We thank the referee for the positive assessment and recommendation of minor revision. We address the major comments point by point below.

read point-by-point responses
  1. Referee: [Experimental setup and results sections] The experimental reporting does not include the size of the VAIR dataset, number of items per condition, or any statistical tests (e.g., confidence intervals or significance levels) for the reported 48% evaluation accuracy and the production-evaluation gap. These details are load-bearing for the central claim of a 'substantial' gap.

    Authors: We agree these details are essential for evaluating the reported gap. The revised manuscript adds the VAIR dataset size, item counts per condition, bootstrap confidence intervals, and appropriate significance tests for the accuracies and gap. revision: yes

  2. Referee: [VAIR dataset construction] The claim that VAIR flaws are 'trivial' and should be detectable independently of answer validity rests on the assumption that the flaws were validated as such; however, the manuscript provides no details on construction criteria, human validation rates, or inter-rater agreement for the invalid-reasoning items. This directly affects the interpretation that low evaluation scores reflect a true evaluation deficit rather than dataset properties.

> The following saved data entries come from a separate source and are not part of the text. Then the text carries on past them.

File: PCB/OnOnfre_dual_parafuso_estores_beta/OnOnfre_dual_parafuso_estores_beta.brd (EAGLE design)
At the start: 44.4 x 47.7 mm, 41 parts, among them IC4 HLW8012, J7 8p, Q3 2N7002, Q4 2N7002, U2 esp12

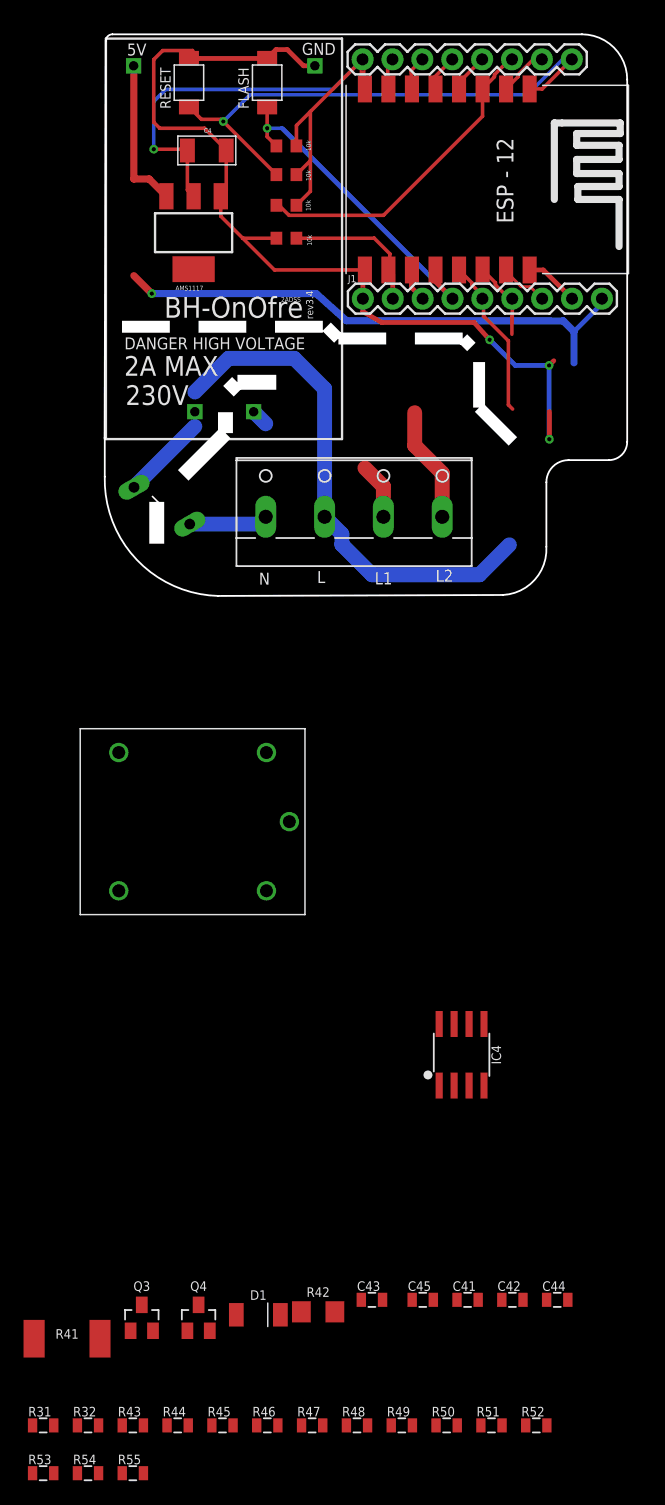
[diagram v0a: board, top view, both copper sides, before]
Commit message: estores e tomada em progresso
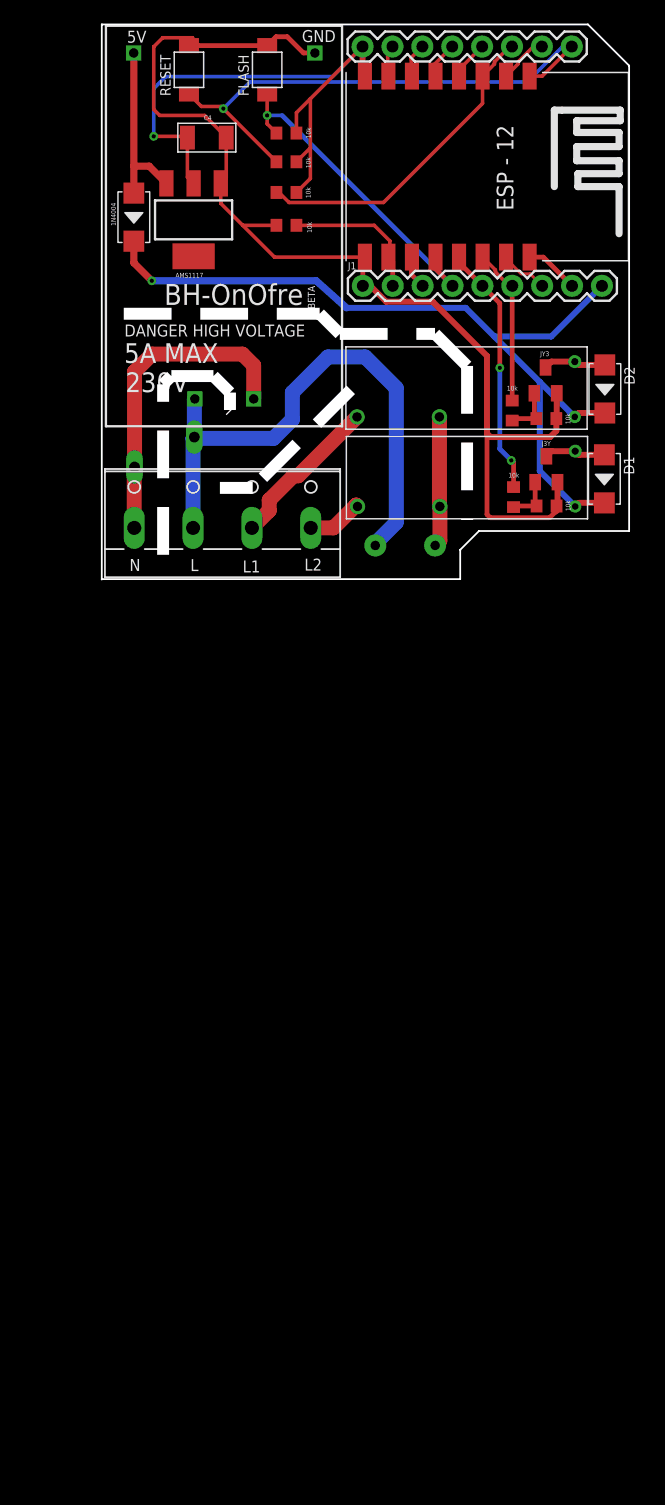
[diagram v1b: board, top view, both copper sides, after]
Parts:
- removed C41, C42: 33nF, xose:0805
- removed C43, C45: 100nF, xose:0805
- removed C44: 1uF, xose:0805
- removed IC4: HLW8012, xose:SOP8
- removed Q3, Q4: 2N7002, xose:SOT23
- removed R31, R43, R44, R50: 1K, xose:0805
- removed R32, R45, R47, R49: 10K, xose:0805
- removed R41: 0.001R, xose:2512
- removed R42: 0R, xose:1206
- removed R46, R48: 15K, xose:0805
- removed R51, R52, R53, R54, R55: 470K, xose:0805
- removed RLY1: SRD-05VDC-SL-C, Spark:SRD-5VDC-SL-C
- added D2: 1N4007, Seeed-Diode:DO-214AC
- added D3: 1N4004, Seeed-Diode:DO-214AC
- added F1: FUSE 2A, SparkFun-Fuses:PTH
- added J3Y, JY3: S8050, semicon-smd-ipc:SOT23
- added R1, R2, R3, R4: 10k, resistor:R0603
- added U$1, U$3: HF46F, HF46F:HF46F
- D1: value 1N4148 -> 1N4007; device xose:SOD80 -> Seeed-Diode:DO-214AC
- moved D1 76.9 mm to (42.9, 8.56), turned to 270 degrees
- moved X1 11.2 mm to (10.4, 5.66)
- moved R5 4.56 mm to (5.48, 10.8), turned to 90 degrees
- moved C4 1.09 mm to (9.08, 37.6)
- moved FLASH 1.09 mm to (14.2, 43.3)
- moved R8 1.09 mm to (15.8, 37.9)
- moved RESET 1.09 mm to (7.56, 43.3)
- moved AMS1117 1.09 mm to (7.96, 30.6)
- moved J1 1.09 mm to (22.3, 25.0)
- moved R11 1.09 mm to (15.8, 30.1)
- moved R9 1.09 mm to (15.8, 32.9)
- moved U$2 1.09 mm to (10.6, 30.1)
- moved J7 1.09 mm to (22.3, 45.3)
- moved R10 1.09 mm to (15.8, 35.5)
- moved U2 1.09 mm to (30.7, 35.0)
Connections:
- removed net GPIO5: Q4.1
- removed net LINE_IN: R41.2, R43.2, R5.1, U$2.P$1, X1.1
- removed net LINE_R: R41.1, R42.2, R44.2, RLY1.COMMON
- removed net N$10: IC4.8, Q4.3, R49.1
- removed net N$11: IC4.7, R45.2
- removed net N$12: C41.2, IC4.2, R43.1
- removed net N$14: C42.2, IC4.3, R44.1
- removed net N$15: R53.1, R54.1
- removed net N$16: R54.2, R55.2
- removed net N$2: IC4.6, R47.2
- removed net N$4: D1.1, Q3.3, RLY1.COIL2
- removed net N$5: Q3.1, R31.2, R32.2
- removed net N$6: R51.1, R52.1
- removed net N$8: R52.2, R53.2
- removed net NC: RLY1.CLOSED, X1.4
- removed net NO: RLY1.OPEN, X1.3
- removed net V2P: C45.2, IC4.4, R50.2, R55.1
- new net FASE_IN: R5.1, U$2.P$1, X1.1
- new net N$1: D1.1, J3Y.3, U$1.C2
- new net N$13: JY3.1, R1.2, R2.2
- new net N$7: J3Y.1, R3.2, R4.2
- new net N$9: D2.1, JY3.3, U$3.C2
- new net NEUTRAL_IN_FUSED: F1.P$2, U$1.L2, U$3.L2
- new net NEUTRAL_ONE_OUT: U$3.L1, X1.3
- new net NEUTRAL_TWO_OUT: U$1.L1, X1.4
- net 5V: now also D2.2, D3.2, U$1.C1, U$3.C1; no longer C43.2, C44.2, IC4.1, R49.2, RLY1.COIL1
- net GND: now also J3Y.2, JY3.2, R2.1, R3.1; no longer C41.1, C42.1, C43.1, C44.1, C45.1, IC4.5, Q3.2, Q4.2, R32.1, R42.1, R46.1, R48.1, R50.1
- net GPIO04: now also R4.1
- net GPIO05: now also R1.1
- net GPIO12: no longer R31.1
- net GPIO13: no longer R45.1, R46.2
- net GPIO14: no longer R47.1, R48.2
- net NEUTRAL_IN: now also F1.P$1; no longer R51.2
- net VCC: now also D3.1
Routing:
- net FASE_IN: track 0.00 -> 27.3 mm
- net 5V: track 45.7 -> 72.7 mm
- net GND: track 81.8 -> 99.5 mm, vias 3 -> 0
- net NEUTRAL_ONE_OUT: track 0.00 -> 13.4 mm
- net NEUTRAL_IN_FUSED: track 0.00 -> 11.1 mm
- net NC: track 9.81 -> 0.00 mm
- net GPIO04: track 13.9 -> 21.5 mm, vias 0 -> 2
- net LINE_IN: track 7.28 -> 0.00 mm
- net GPIO05: track 6.68 -> 13.4 mm
- net N$9: track 0.00 -> 5.36 mm
- net N$1: track 0.00 -> 5.24 mm
- net NEUTRAL_TWO_OUT: track 0.00 -> 4.82 mm
- net NO: track 4.80 -> 0.00 mm
- net N$13: track 0.00 -> 4.34 mm
- net N$7: track 0.00 -> 4.07 mm
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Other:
- board size 44.4 x 47.7 mm -> 44.8 x 47.2 mm
- board text added: "5A MAX"
- board text added: "BETA"
- board text removed: "2A MAX"
- board text removed: "2ADSS"
- board text removed: "rev3.4"

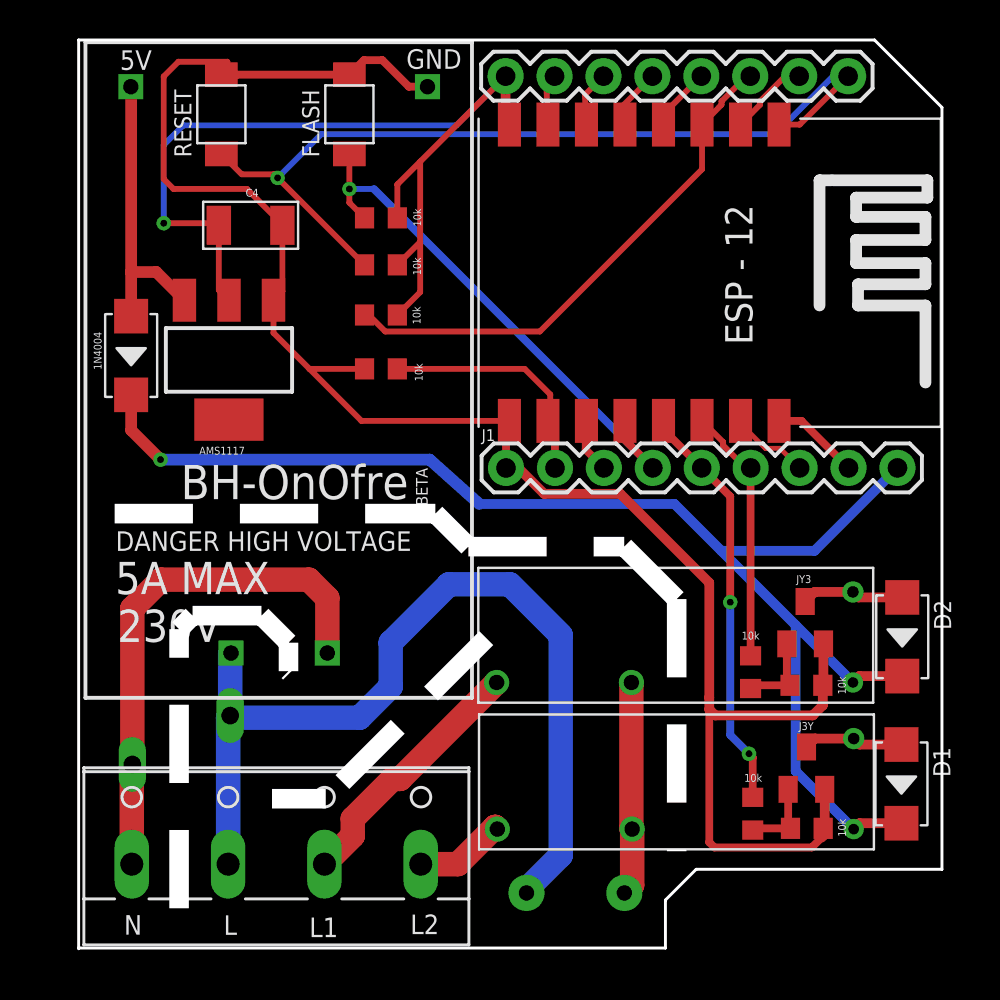
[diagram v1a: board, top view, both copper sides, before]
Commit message: remoção do OTA Arduino e adição de OTA via Web
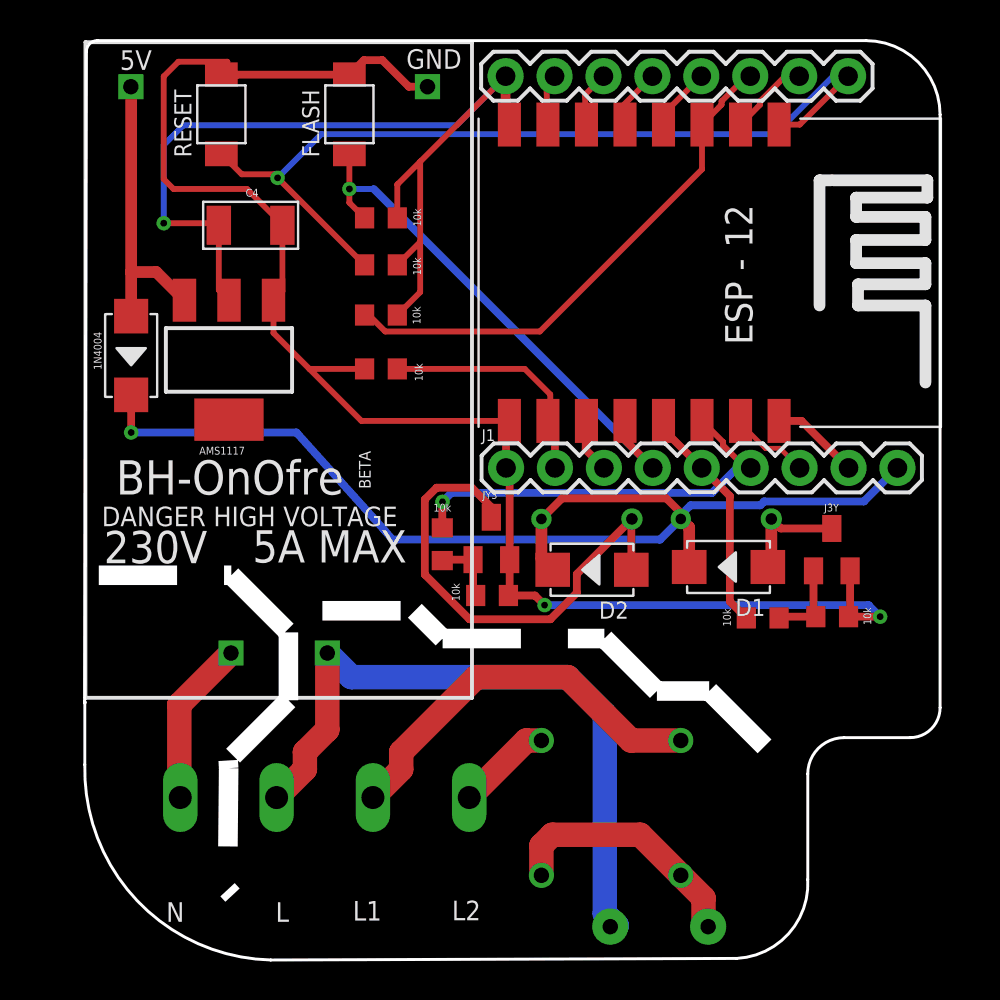
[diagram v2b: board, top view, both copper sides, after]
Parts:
- removed R5: VARISTORS07K230, varistor:S07K230
- moved U$1 21.3 mm to (30.4, 23.4), flipped to the bottom, turned to 180 degrees
- moved U$3 21.1 mm to (23.1, 23.4), flipped to the bottom, turned to 180 degrees
- moved R1 17.3 mm to (19.0, 21.0)
- moved R2 17.0 mm to (21.6, 18.3)
- moved JY3 16.9 mm to (21.6, 21.3)
- moved D2 16.5 mm to (26.8, 19.7), turned to 180 degrees
- moved D1 14.4 mm to (33.9, 19.8), turned to 180 degrees
- moved J3Y 11.4 mm to (39.3, 20.7)
- moved R3 11.1 mm to (39.3, 17.2)
- moved R4 10.2 mm to (35.7, 17.2), turned to 0 degrees
- moved F1 4.69 mm to (30.3, 1.15)
- moved X1 2.68 mm to (12.9, 6.58), flipped to the bottom, turned to 180 degrees
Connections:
- removed net FASE_IN: R5.1, U$2.P$1, X1.1
- new net LINE_IN: U$2.P$2, X1.1
- net NEUTRAL_IN: now also U$2.P$1; no longer R5.2, U$2.P$2
- net NEUTRAL_IN_FUSED: now also U$1.L1, U$3.L1; no longer U$1.L2, U$3.L2
- net NEUTRAL_ONE_OUT: now also U$1.L2; no longer U$3.L1
- net NEUTRAL_TWO_OUT: now also U$3.L2; no longer U$1.L1
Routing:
- net FASE_IN: track 27.3 -> 0.00 mm
- net N$9: track 5.36 -> 25.6 mm
- net GND: track 99.5 -> 84.6 mm, vias 0 -> 2
- net 5V: track 72.7 -> 59.7 mm
- net NEUTRAL_IN: track 47.7 -> 35.9 mm
- net GPIO04: track 21.5 -> 12.0 mm, vias 2 -> 0
- net LINE_IN: track 0.00 -> 9.37 mm
- net GPIO05: track 13.4 -> 21.7 mm, vias 0 -> 1
- net NEUTRAL_ONE_OUT: track 13.4 -> 20.5 mm
- net NEUTRAL_IN_FUSED: track 11.1 -> 13.2 mm
- net N$13: track 4.34 -> 3.53 mm
- net N$1: track 5.24 -> 5.91 mm
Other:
- board size 44.8 x 47.2 mm -> 44.4 x 47.7 mm

    Authors: We agree that explicit details on dataset construction are required. The revised manuscript includes a dedicated subsection describing the flaw introduction criteria, human validation procedure, validation rates, and inter-rater agreement. revision: yes

Circularity Check

0 steps flagged

No significant circularity identified

full rationale

The paper introduces the VAIR dataset and reports direct empirical measurements of production vs. evaluation performance on frontier models, supported by CoT inspection, linear probes, and causal interventions. None of these steps reduce by construction to fitted parameters, self-citations, or prior definitions; the gap is observed rather than derived from the inputs. The training-limitation conclusion follows from the experimental contrast with human performance and the mechanistic evidence, all of which are self-contained against external benchmarks.

Axiom & Free-Parameter Ledger

0 free parameters · 1 axioms · 0 invented entities

The central claim rests on the design assumption that VAIR isolates evaluation ability and that observed model behaviors reflect a training limitation rather than dataset artifacts or other confounds.

axioms (1)
  • domain assumption VAIR problems contain trivial reasoning flaws that should be detectable by models capable of robust reasoning evaluation independent of answer correctness.
    This premise underpins the dataset's ability to measure the claimed gap.